### MATERIAL PROVIDED
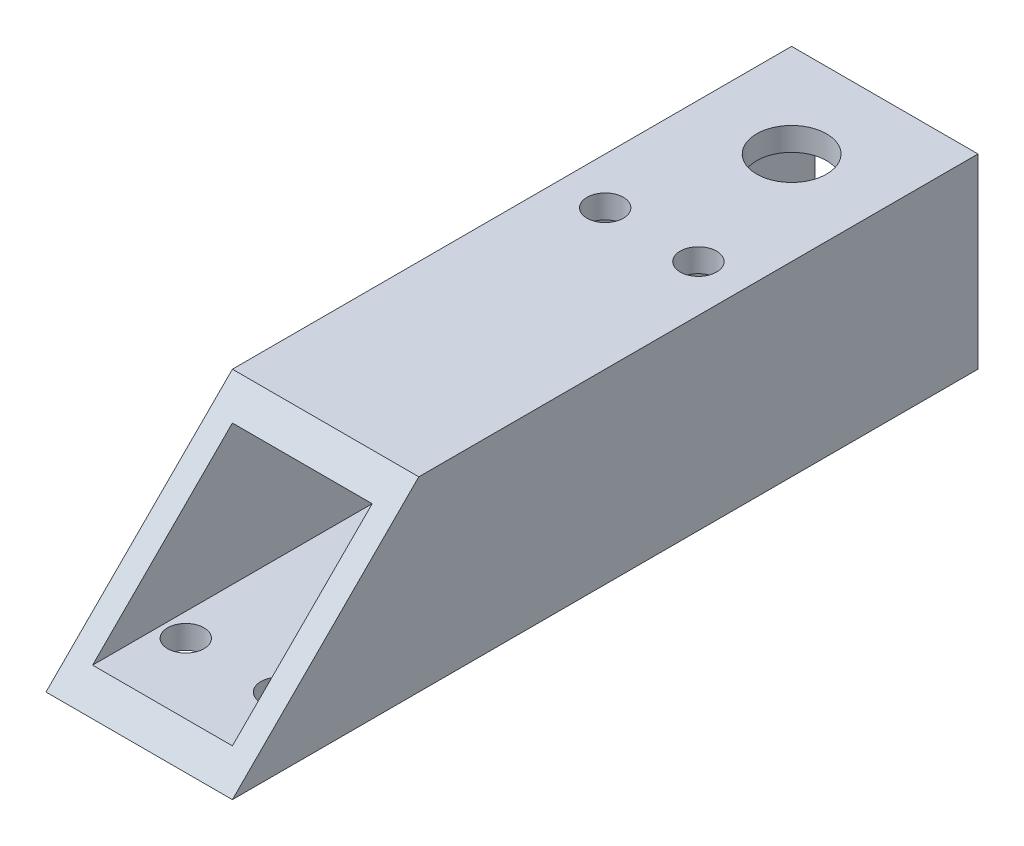
ISO-10303-21;
HEADER;
FILE_DESCRIPTION(('STEP AP214'),'2;1');
FILE_NAME('part.step','',(''),(''),'','','');
FILE_SCHEMA(('AUTOMOTIVE_DESIGN { 1 0 10303 214 1 1 1 1 }'));
ENDSEC;
DATA;
#1=APPLICATION_CONTEXT('core data for automotive mechanical design processes');
#2=APPLICATION_PROTOCOL_DEFINITION('international standard','automotive_design',2000,#1);
#3=PRODUCT_CONTEXT('',#1,'mechanical');
#4=PRODUCT('Part','Part','',(#3));
#5=PRODUCT_RELATED_PRODUCT_CATEGORY('part','',(#4));
#6=PRODUCT_DEFINITION_FORMATION('','',#4);
#7=PRODUCT_DEFINITION_CONTEXT('part definition',#1,'design');
#8=PRODUCT_DEFINITION('design','',#6,#7);
#9=PRODUCT_DEFINITION_SHAPE('','',#8);
#10=(LENGTH_UNIT() NAMED_UNIT(*) SI_UNIT(.MILLI.,.METRE.));
#11=(NAMED_UNIT(*) PLANE_ANGLE_UNIT() SI_UNIT($,.RADIAN.));
#12=(NAMED_UNIT(*) SI_UNIT($,.STERADIAN.) SOLID_ANGLE_UNIT());
#13=UNCERTAINTY_MEASURE_WITH_UNIT(LENGTH_MEASURE(1.E-05),#10,'distance_accuracy_value','');
#14=(GEOMETRIC_REPRESENTATION_CONTEXT(3) GLOBAL_UNCERTAINTY_ASSIGNED_CONTEXT((#13)) GLOBAL_UNIT_ASSIGNED_CONTEXT((#10,
#11,#12)) REPRESENTATION_CONTEXT('',''));
#15=CARTESIAN_POINT('',(0.,0.,0.));
#16=DIRECTION('',(0.,0.,1.));
#17=DIRECTION('',(1.,0.,0.));
#18=AXIS2_PLACEMENT_3D('',#15,#16,#17);
#19=CARTESIAN_POINT('',(-12.7,12.7,101.6));
#20=DIRECTION('',(0.,1.,0.));
#21=DIRECTION('',(0.,0.,1.));
#22=AXIS2_PLACEMENT_3D('',#19,#20,#21);
#23=PLANE('',#22);
#24=CARTESIAN_POINT('',(6.35,12.7,31.75));
#25=DIRECTION('',(0.,-1.,0.));
#26=DIRECTION('',(0.,0.,-1.));
#27=AXIS2_PLACEMENT_3D('',#24,#25,#26);
#28=CIRCLE('',#27,2.47650000000001);
#29=CARTESIAN_POINT('',(6.35,12.7,29.2735));
#30=VERTEX_POINT('',#29);
#31=EDGE_CURVE('E145',#30,#30,#28,.T.);
#32=ORIENTED_EDGE('',*,*,#31,.T.);
#33=EDGE_LOOP('',(#32));
#34=FACE_BOUND('',#33,.T.);
#35=CARTESIAN_POINT('',(-6.35,12.7,31.75));
#36=DIRECTION('',(0.,-1.,0.));
#37=DIRECTION('',(0.,0.,-1.));
#38=AXIS2_PLACEMENT_3D('',#35,#36,#37);
#39=CIRCLE('',#38,2.4765);
#40=CARTESIAN_POINT('',(-6.35,12.7,29.2735));
#41=VERTEX_POINT('',#40);
#42=EDGE_CURVE('E156',#41,#41,#39,.T.);
#43=ORIENTED_EDGE('',*,*,#42,.T.);
#44=EDGE_LOOP('',(#43));
#45=FACE_BOUND('',#44,.T.);
#46=CARTESIAN_POINT('',(0.,12.7,12.7));
#47=DIRECTION('',(0.,1.,0.));
#48=DIRECTION('',(0.,0.,1.));
#49=AXIS2_PLACEMENT_3D('',#46,#47,#48);
#50=CIRCLE('',#49,4.7625);
#51=CARTESIAN_POINT('',(0.,12.7,17.4625));
#52=VERTEX_POINT('',#51);
#53=EDGE_CURVE('E167',#52,#52,#50,.T.);
#54=ORIENTED_EDGE('',*,*,#53,.F.);
#55=EDGE_LOOP('',(#54));
#56=FACE_BOUND('',#55,.T.);
#57=DIRECTION('',(1.,0.,0.));
#58=VECTOR('',#57,1.);
#59=CARTESIAN_POINT('',(-12.7,12.7,76.2));
#60=LINE('',#59,#58);
#61=CARTESIAN_POINT('',(-12.7,12.7,76.2));
#62=VERTEX_POINT('',#61);
#63=CARTESIAN_POINT('',(12.7,12.7,76.2));
#64=VERTEX_POINT('',#63);
#65=EDGE_CURVE('E98',#62,#64,#60,.T.);
#66=ORIENTED_EDGE('',*,*,#65,.T.);
#67=DIRECTION('',(0.,0.,-1.));
#68=VECTOR('',#67,1.);
#69=CARTESIAN_POINT('',(12.7,12.7,101.6));
#70=LINE('',#69,#68);
#71=CARTESIAN_POINT('',(12.7,12.7,0.));
#72=VERTEX_POINT('',#71);
#73=EDGE_CURVE('E128',#64,#72,#70,.T.);
#74=ORIENTED_EDGE('',*,*,#73,.T.);
#75=DIRECTION('',(1.,0.,0.));
#76=VECTOR('',#75,1.);
#77=CARTESIAN_POINT('',(-12.7,12.7,0.));
#78=LINE('',#77,#76);
#79=CARTESIAN_POINT('',(-12.7,12.7,0.));
#80=VERTEX_POINT('',#79);
#81=EDGE_CURVE('E117',#80,#72,#78,.T.);
#82=ORIENTED_EDGE('',*,*,#81,.F.);
#83=DIRECTION('',(0.,0.,-1.));
#84=VECTOR('',#83,1.);
#85=CARTESIAN_POINT('',(-12.7,12.7,101.6));
#86=LINE('',#85,#84);
#87=EDGE_CURVE('E41',#62,#80,#86,.T.);
#88=ORIENTED_EDGE('',*,*,#87,.F.);
#89=EDGE_LOOP('',(#66,#74,#82,#88));
#90=FACE_BOUND('',#89,.T.);
#91=ADVANCED_FACE('F33',(#34,#45,#56,#90),#23,.T.);
#92=CARTESIAN_POINT('',(-12.7,-12.7,101.6));
#93=DIRECTION('',(-1.,0.,0.));
#94=DIRECTION('',(0.,0.,1.));
#95=AXIS2_PLACEMENT_3D('',#92,#93,#94);
#96=PLANE('',#95);
#97=DIRECTION('',(0.,0.707106781186547,-0.707106781186548));
#98=VECTOR('',#97,1.);
#99=CARTESIAN_POINT('',(-12.7,12.7,76.2));
#100=LINE('',#99,#98);
#101=CARTESIAN_POINT('',(-12.7,-12.7,101.6));
#102=VERTEX_POINT('',#101);
#103=EDGE_CURVE('E101',#102,#62,#100,.T.);
#104=ORIENTED_EDGE('',*,*,#103,.T.);
#105=ORIENTED_EDGE('',*,*,#87,.T.);
#106=DIRECTION('',(0.,1.,0.));
#107=VECTOR('',#106,1.);
#108=CARTESIAN_POINT('',(-12.7,-12.7,0.));
#109=LINE('',#108,#107);
#110=CARTESIAN_POINT('',(-12.7,-12.7,0.));
#111=VERTEX_POINT('',#110);
#112=EDGE_CURVE('E123',#111,#80,#109,.T.);
#113=ORIENTED_EDGE('',*,*,#112,.F.);
#114=DIRECTION('',(0.,0.,-1.));
#115=VECTOR('',#114,1.);
#116=CARTESIAN_POINT('',(-12.7,-12.7,101.6));
#117=LINE('',#116,#115);
#118=EDGE_CURVE('E113',#102,#111,#117,.T.);
#119=ORIENTED_EDGE('',*,*,#118,.F.);
#120=EDGE_LOOP('',(#104,#105,#113,#119));
#121=FACE_BOUND('',#120,.T.);
#122=ADVANCED_FACE('F110',(#121),#96,.T.);
#123=CARTESIAN_POINT('',(-12.7,-12.7,101.6));
#124=DIRECTION('',(0.,1.,0.));
#125=DIRECTION('',(0.,0.,1.));
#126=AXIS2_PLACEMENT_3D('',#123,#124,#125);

### BRIEF
Exactly the lines above from the one with "#73=EDGE_CURVE('E128',#64,#72,#70,.T.);" to the one with "#87=EDGE_CURVE('E41',#62,#80,#86,.T.);", both included, are to be quoted; leave the rest out.

### OUTPUT FOR THIS TASK
#73=EDGE_CURVE('E128',#64,#72,#70,.T.);
#74=ORIENTED_EDGE('',*,*,#73,.T.);
#75=DIRECTION('',(1.,0.,0.));
#76=VECTOR('',#75,1.);
#77=CARTESIAN_POINT('',(-12.7,12.7,0.));
#78=LINE('',#77,#76);
#79=CARTESIAN_POINT('',(-12.7,12.7,0.));
#80=VERTEX_POINT('',#79);
#81=EDGE_CURVE('E117',#80,#72,#78,.T.);
#82=ORIENTED_EDGE('',*,*,#81,.F.);
#83=DIRECTION('',(0.,0.,-1.));
#84=VECTOR('',#83,1.);
#85=CARTESIAN_POINT('',(-12.7,12.7,101.6));
#86=LINE('',#85,#84);
#87=EDGE_CURVE('E41',#62,#80,#86,.T.);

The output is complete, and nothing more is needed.